Source data:
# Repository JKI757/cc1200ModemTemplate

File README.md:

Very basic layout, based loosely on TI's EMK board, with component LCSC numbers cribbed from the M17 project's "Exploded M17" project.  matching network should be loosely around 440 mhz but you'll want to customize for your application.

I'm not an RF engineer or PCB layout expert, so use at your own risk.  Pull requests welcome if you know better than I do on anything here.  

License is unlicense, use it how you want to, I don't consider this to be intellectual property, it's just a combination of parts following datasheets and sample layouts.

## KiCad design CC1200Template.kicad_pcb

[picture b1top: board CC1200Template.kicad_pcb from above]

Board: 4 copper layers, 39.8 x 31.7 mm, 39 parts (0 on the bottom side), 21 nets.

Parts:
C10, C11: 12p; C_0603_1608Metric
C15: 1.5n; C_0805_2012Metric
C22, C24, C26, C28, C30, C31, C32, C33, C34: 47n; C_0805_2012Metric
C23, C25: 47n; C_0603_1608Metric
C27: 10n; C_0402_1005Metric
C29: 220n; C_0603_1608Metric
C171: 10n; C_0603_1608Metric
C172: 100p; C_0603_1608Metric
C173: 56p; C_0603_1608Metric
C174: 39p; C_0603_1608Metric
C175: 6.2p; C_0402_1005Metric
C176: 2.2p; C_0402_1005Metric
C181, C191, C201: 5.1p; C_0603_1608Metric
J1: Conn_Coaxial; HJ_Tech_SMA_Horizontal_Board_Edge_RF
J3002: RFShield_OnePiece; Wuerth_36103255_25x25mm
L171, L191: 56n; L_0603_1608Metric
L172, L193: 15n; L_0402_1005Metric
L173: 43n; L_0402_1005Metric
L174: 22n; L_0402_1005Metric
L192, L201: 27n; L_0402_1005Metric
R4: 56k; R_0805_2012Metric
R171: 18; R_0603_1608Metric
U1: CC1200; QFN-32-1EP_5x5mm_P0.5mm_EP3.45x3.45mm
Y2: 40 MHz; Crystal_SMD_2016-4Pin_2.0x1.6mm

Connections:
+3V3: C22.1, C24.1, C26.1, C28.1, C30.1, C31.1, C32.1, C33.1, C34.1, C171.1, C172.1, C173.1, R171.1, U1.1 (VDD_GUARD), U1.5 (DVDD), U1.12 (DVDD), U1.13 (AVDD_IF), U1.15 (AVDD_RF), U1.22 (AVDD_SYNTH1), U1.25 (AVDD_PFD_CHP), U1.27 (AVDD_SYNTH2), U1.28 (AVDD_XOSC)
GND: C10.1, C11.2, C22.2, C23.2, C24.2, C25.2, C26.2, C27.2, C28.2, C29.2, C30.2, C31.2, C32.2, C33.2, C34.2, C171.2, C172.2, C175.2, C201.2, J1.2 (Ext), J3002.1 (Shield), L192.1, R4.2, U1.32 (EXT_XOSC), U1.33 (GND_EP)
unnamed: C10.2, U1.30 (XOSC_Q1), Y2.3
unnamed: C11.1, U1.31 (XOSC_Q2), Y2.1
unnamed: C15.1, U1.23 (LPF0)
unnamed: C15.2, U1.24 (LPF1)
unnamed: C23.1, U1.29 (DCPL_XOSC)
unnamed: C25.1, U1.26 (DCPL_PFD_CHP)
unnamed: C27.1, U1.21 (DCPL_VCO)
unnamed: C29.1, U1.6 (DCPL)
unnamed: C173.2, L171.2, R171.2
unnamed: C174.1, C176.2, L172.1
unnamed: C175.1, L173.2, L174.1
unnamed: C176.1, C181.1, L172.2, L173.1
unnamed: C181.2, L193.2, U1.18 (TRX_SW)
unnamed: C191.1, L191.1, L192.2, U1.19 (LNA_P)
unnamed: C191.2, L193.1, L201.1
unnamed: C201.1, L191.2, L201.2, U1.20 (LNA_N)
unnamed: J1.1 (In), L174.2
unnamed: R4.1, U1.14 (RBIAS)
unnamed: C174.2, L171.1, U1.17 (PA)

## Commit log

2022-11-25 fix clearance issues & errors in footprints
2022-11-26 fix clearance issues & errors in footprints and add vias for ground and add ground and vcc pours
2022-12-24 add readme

Task item:
Repeat what the records above say. Use their exact words.

Solution below:
# Repository JKI757/cc1200ModemTemplate

File README.md:

Very basic layout, based loosely on TI's EMK board, with component LCSC numbers cribbed from the M17 project's "Exploded M17" project.  matching network should be loosely around 440 mhz but you'll want to customize for your application.

I'm not an RF engineer or PCB layout expert, so use at your own risk.  Pull requests welcome if you know better than I do on anything here.  

License is unlicense, use it how you want to, I don't consider this to be intellectual property, it's just a combination of parts following datasheets and sample layouts.

## KiCad design CC1200Template.kicad_pcb

[picture b1top: board CC1200Template.kicad_pcb from above]

Board: 4 copper layers, 39.8 x 31.7 mm, 39 parts (0 on the bottom side), 21 nets.

Parts:
C10, C11: 12p; C_0603_1608Metric
C15: 1.5n; C_0805_2012Metric
C22, C24, C26, C28, C30, C31, C32, C33, C34: 47n; C_0805_2012Metric
C23, C25: 47n; C_0603_1608Metric
C27: 10n; C_0402_1005Metric
C29: 220n; C_0603_1608Metric
C171: 10n; C_0603_1608Metric
C172: 100p; C_0603_1608Metric
C173: 56p; C_0603_1608Metric
C174: 39p; C_0603_1608Metric
C175: 6.2p; C_0402_1005Metric
C176: 2.2p; C_0402_1005Metric
C181, C191, C201: 5.1p; C_0603_1608Metric
J1: Conn_Coaxial; HJ_Tech_SMA_Horizontal_Board_Edge_RF
J3002: RFShield_OnePiece; Wuerth_36103255_25x25mm
L171, L191: 56n; L_0603_1608Metric
L172, L193: 15n; L_0402_1005Metric
L173: 43n; L_0402_1005Metric
L174: 22n; L_0402_1005Metric
L192, L201: 27n; L_0402_1005Metric
R4: 56k; R_0805_2012Metric
R171: 18; R_0603_1608Metric
U1: CC1200; QFN-32-1EP_5x5mm_P0.5mm_EP3.45x3.45mm
Y2: 40 MHz; Crystal_SMD_2016-4Pin_2.0x1.6mm

Connections:
+3V3: C22.1, C24.1, C26.1, C28.1, C30.1, C31.1, C32.1, C33.1, C34.1, C171.1, C172.1, C173.1, R171.1, U1.1 (VDD_GUARD), U1.5 (DVDD), U1.12 (DVDD), U1.13 (AVDD_IF), U1.15 (AVDD_RF), U1.22 (AVDD_SYNTH1), U1.25 (AVDD_PFD_CHP), U1.27 (AVDD_SYNTH2), U1.28 (AVDD_XOSC)
GND: C10.1, C11.2, C22.2, C23.2, C24.2, C25.2, C26.2, C27.2, C28.2, C29.2, C30.2, C31.2, C32.2, C33.2, C34.2, C171.2, C172.2, C175.2, C201.2, J1.2 (Ext), J3002.1 (Shield), L192.1, R4.2, U1.32 (EXT_XOSC), U1.33 (GND_EP)
unnamed: C10.2, U1.30 (XOSC_Q1), Y2.3
unnamed: C11.1, U1.31 (XOSC_Q2), Y2.1
unnamed: C15.1, U1.23 (LPF0)
unnamed: C15.2, U1.24 (LPF1)
unnamed: C23.1, U1.29 (DCPL_XOSC)
unnamed: C25.1, U1.26 (DCPL_PFD_CHP)
unnamed: C27.1, U1.21 (DCPL_VCO)
unnamed: C29.1, U1.6 (DCPL)
unnamed: C173.2, L171.2, R171.2
unnamed: C174.1, C176.2, L172.1
unnamed: C175.1, L173.2, L174.1
unnamed: C176.1, C181.1, L172.2, L173.1
unnamed: C181.2, L193.2, U1.18 (TRX_SW)
unnamed: C191.1, L191.1, L192.2, U1.19 (LNA_P)
unnamed: C191.2, L193.1, L201.1
unnamed: C201.1, L191.2, L201.2, U1.20 (LNA_N)
unnamed: J1.1 (In), L174.2
unnamed: R4.1, U1.14 (RBIAS)
unnamed: C174.2, L171.1, U1.17 (PA)

## Commit log

2022-11-25 fix clearance issues & errors in footprints
2022-11-26 fix clearance issues & errors in footprints and add vias for ground and add ground and vcc pours
2022-12-24 add readme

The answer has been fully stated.